Task: From the entries below, return exactly the lines beginning at the one that contains "#181=VERTEX_POINT('',#180);" and ending at the one that contains "#193=ORIENTED_EDGE('',*,*,#192,.T.);", both of them included, and only those lines.

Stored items
════════

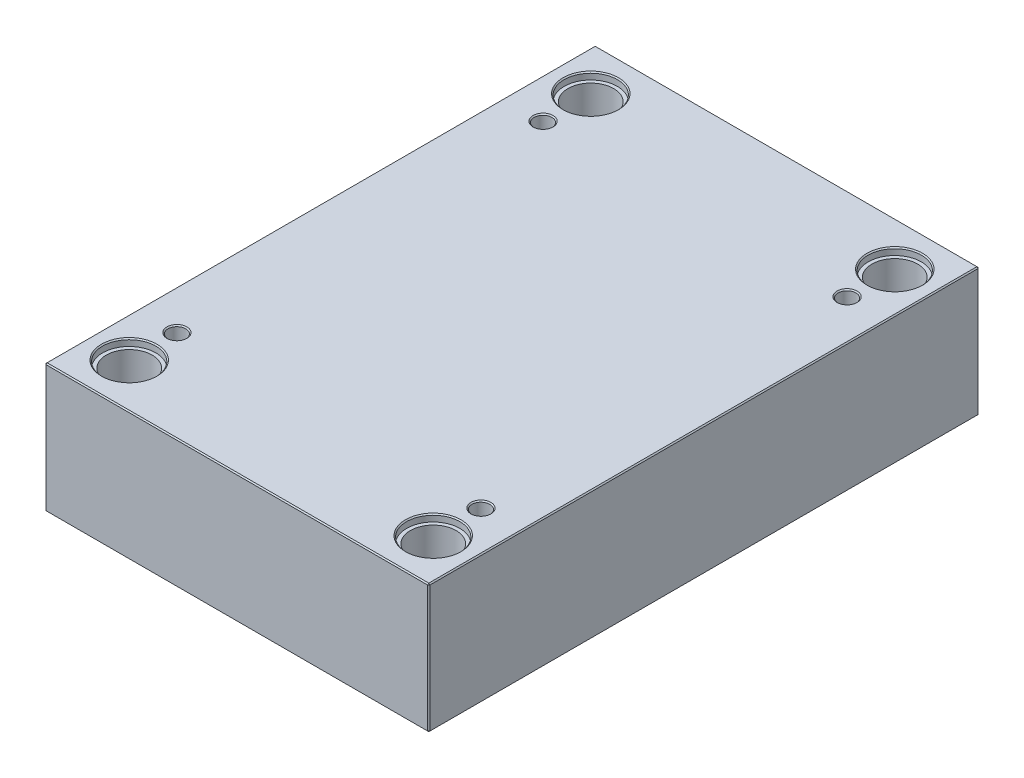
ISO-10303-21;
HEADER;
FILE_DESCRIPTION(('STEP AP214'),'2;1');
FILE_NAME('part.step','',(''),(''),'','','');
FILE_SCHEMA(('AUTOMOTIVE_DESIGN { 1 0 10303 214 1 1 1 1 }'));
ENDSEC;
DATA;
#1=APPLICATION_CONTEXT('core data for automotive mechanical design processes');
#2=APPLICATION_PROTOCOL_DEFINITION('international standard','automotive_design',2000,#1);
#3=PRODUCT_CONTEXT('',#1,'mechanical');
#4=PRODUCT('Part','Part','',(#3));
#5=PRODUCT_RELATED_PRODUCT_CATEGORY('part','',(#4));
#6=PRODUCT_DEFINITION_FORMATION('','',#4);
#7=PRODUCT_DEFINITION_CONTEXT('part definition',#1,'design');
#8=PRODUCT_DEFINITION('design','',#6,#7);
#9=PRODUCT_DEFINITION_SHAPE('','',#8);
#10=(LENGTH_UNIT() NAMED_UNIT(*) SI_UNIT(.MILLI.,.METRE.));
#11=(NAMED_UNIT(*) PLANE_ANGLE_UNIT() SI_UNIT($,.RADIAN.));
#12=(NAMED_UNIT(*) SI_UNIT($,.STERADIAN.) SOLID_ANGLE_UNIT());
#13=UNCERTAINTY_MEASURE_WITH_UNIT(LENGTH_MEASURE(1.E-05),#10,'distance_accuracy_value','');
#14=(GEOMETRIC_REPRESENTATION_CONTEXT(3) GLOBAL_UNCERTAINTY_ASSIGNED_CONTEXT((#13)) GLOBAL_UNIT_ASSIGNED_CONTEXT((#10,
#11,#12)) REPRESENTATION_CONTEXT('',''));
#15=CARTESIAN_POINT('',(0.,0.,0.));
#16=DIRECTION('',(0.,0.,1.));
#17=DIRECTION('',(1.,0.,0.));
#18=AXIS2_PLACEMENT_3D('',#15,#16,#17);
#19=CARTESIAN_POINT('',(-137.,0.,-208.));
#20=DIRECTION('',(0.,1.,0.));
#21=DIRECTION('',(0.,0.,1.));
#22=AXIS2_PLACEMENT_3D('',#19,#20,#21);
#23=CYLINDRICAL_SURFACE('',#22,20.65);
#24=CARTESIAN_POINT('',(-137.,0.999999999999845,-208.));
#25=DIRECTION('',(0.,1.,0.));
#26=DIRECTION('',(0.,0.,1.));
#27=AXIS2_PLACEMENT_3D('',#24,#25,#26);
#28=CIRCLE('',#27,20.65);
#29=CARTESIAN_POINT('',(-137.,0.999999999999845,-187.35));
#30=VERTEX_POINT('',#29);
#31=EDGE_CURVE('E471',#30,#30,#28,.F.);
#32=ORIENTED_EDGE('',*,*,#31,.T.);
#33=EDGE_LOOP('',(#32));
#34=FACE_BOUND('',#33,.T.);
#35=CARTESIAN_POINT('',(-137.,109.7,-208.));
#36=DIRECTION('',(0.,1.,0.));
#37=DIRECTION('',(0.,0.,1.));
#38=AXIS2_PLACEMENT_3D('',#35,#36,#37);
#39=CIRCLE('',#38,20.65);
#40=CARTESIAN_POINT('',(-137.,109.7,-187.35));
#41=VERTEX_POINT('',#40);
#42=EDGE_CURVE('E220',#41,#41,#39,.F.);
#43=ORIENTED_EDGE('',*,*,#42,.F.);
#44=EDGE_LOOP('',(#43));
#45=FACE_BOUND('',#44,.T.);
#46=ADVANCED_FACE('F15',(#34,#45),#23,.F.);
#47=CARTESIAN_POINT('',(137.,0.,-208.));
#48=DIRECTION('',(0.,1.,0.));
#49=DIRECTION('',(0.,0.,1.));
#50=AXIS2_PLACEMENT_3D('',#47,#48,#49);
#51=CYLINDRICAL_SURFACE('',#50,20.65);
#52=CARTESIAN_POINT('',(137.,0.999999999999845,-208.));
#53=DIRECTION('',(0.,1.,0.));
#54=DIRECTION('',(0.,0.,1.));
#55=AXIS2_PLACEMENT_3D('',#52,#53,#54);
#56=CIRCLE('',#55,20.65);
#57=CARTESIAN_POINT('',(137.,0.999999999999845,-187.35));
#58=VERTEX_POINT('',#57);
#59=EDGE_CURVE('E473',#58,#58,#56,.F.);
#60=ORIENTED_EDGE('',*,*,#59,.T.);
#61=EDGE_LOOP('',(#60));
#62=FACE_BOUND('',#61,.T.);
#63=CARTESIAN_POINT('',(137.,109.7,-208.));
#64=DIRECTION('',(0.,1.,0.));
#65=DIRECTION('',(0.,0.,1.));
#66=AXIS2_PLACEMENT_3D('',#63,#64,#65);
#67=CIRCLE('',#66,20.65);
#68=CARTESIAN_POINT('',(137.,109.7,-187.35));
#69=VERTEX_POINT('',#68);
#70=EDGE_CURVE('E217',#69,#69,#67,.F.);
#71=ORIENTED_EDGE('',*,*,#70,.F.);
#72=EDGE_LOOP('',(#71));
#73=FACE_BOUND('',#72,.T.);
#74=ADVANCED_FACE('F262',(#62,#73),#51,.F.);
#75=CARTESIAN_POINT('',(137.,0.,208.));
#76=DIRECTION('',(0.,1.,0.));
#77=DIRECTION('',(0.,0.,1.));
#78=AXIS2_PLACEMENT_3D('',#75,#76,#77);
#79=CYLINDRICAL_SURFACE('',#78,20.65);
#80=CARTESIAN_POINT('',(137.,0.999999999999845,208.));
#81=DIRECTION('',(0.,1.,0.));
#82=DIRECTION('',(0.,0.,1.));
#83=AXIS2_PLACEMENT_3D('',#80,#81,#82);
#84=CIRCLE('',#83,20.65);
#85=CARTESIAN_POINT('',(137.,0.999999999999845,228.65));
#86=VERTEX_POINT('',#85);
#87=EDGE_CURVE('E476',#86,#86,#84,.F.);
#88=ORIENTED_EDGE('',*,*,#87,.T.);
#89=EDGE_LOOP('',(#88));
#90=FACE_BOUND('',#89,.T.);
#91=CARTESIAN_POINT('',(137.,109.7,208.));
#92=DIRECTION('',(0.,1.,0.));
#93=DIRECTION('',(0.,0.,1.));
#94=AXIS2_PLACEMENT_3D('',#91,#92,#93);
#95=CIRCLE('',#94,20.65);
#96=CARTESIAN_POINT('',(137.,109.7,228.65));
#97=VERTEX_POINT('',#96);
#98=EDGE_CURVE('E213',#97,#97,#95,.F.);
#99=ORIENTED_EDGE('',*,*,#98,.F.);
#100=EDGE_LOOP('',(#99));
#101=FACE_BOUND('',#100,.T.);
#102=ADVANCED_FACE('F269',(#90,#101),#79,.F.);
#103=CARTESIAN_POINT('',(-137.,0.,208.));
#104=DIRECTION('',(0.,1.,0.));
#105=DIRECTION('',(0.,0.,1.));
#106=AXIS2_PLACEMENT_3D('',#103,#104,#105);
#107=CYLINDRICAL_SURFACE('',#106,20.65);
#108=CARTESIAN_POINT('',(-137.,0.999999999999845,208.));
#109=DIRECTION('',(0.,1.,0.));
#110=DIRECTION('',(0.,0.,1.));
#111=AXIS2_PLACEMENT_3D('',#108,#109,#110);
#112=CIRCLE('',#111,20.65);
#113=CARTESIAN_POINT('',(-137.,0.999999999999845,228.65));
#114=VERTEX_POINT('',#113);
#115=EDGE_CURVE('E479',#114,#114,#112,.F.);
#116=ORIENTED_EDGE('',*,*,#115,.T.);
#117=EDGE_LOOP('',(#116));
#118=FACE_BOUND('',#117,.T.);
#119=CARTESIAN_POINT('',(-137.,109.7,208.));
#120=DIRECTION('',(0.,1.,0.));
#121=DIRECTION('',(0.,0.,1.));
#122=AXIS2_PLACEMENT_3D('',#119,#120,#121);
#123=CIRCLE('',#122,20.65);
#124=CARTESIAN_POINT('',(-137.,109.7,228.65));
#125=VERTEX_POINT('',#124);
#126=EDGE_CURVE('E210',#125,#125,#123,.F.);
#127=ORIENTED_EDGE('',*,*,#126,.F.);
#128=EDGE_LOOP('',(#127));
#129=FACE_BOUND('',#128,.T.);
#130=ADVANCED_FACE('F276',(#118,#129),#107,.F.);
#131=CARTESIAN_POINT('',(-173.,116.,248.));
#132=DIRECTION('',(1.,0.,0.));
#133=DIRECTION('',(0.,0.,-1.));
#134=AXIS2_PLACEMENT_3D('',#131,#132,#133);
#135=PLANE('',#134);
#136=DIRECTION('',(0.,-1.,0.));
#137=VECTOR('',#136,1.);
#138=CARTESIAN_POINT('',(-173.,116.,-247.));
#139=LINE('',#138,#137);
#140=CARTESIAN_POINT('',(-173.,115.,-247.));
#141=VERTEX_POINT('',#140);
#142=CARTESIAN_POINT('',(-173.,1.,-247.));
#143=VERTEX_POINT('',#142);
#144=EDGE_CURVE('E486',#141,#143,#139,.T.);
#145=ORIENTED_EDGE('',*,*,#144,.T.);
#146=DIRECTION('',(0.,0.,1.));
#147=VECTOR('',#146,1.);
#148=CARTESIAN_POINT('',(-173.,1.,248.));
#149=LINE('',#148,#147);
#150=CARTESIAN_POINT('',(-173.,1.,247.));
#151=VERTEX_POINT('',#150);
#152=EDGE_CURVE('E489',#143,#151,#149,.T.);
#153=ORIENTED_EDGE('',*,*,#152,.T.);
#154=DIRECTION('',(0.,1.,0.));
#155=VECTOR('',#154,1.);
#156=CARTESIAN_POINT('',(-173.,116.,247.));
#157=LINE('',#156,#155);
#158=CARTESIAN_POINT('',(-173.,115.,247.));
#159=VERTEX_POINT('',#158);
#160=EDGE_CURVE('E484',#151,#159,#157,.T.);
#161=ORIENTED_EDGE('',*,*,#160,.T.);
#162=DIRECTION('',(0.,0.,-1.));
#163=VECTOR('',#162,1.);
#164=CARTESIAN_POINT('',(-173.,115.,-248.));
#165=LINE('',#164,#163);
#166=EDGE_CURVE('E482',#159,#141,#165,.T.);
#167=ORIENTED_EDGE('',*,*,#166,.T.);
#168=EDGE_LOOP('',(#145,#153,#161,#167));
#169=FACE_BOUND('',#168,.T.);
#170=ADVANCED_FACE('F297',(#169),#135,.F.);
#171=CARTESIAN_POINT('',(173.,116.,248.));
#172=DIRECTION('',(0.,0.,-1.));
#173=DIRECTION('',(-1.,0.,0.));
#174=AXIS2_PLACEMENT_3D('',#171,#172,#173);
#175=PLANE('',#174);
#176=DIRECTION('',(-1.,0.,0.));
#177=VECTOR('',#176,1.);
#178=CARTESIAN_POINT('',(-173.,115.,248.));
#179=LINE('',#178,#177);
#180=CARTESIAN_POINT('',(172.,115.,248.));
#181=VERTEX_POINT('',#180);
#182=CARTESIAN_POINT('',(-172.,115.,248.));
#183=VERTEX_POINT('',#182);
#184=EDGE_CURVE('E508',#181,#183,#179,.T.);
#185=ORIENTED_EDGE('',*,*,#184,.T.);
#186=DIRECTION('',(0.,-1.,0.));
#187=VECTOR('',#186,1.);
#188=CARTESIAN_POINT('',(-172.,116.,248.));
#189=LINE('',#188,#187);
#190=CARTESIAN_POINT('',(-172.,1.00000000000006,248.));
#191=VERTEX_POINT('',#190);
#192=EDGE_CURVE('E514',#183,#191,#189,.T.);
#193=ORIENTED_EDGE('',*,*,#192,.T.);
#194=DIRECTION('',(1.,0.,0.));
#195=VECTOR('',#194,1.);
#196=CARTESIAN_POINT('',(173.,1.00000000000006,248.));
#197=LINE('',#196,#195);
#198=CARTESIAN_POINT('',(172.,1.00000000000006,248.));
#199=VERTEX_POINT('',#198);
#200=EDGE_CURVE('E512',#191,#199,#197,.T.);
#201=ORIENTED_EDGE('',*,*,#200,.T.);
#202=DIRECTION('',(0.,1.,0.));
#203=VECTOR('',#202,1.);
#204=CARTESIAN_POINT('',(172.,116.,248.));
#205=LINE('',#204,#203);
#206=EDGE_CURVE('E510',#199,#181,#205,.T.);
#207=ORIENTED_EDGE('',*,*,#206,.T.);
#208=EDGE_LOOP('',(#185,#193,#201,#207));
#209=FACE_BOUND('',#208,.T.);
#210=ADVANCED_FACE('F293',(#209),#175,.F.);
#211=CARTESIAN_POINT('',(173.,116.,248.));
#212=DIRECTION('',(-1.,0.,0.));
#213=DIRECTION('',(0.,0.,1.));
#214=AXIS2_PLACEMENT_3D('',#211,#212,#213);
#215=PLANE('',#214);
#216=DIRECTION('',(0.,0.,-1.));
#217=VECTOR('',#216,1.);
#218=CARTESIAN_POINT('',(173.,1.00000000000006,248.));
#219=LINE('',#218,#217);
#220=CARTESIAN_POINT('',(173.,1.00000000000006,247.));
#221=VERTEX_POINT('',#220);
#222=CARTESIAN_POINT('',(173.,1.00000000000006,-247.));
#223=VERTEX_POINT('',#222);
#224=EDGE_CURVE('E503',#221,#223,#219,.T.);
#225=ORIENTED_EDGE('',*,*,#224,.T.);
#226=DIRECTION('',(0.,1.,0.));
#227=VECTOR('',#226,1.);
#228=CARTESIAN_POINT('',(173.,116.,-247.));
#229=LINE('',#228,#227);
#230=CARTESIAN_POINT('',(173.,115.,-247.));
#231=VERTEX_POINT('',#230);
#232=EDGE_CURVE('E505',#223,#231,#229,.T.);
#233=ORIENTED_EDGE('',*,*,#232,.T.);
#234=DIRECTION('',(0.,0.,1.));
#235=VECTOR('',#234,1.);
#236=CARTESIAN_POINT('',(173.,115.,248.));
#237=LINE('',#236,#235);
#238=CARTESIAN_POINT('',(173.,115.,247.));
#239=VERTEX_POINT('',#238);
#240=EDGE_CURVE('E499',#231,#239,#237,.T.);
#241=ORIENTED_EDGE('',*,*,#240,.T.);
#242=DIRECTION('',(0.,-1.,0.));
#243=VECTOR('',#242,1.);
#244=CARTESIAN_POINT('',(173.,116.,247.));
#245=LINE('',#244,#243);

════════

Answer to this task:
#181=VERTEX_POINT('',#180);
#182=CARTESIAN_POINT('',(-172.,115.,248.));
#183=VERTEX_POINT('',#182);
#184=EDGE_CURVE('E508',#181,#183,#179,.T.);
#185=ORIENTED_EDGE('',*,*,#184,.T.);
#186=DIRECTION('',(0.,-1.,0.));
#187=VECTOR('',#186,1.);
#188=CARTESIAN_POINT('',(-172.,116.,248.));
#189=LINE('',#188,#187);
#190=CARTESIAN_POINT('',(-172.,1.00000000000006,248.));
#191=VERTEX_POINT('',#190);
#192=EDGE_CURVE('E514',#183,#191,#189,.T.);
#193=ORIENTED_EDGE('',*,*,#192,.T.);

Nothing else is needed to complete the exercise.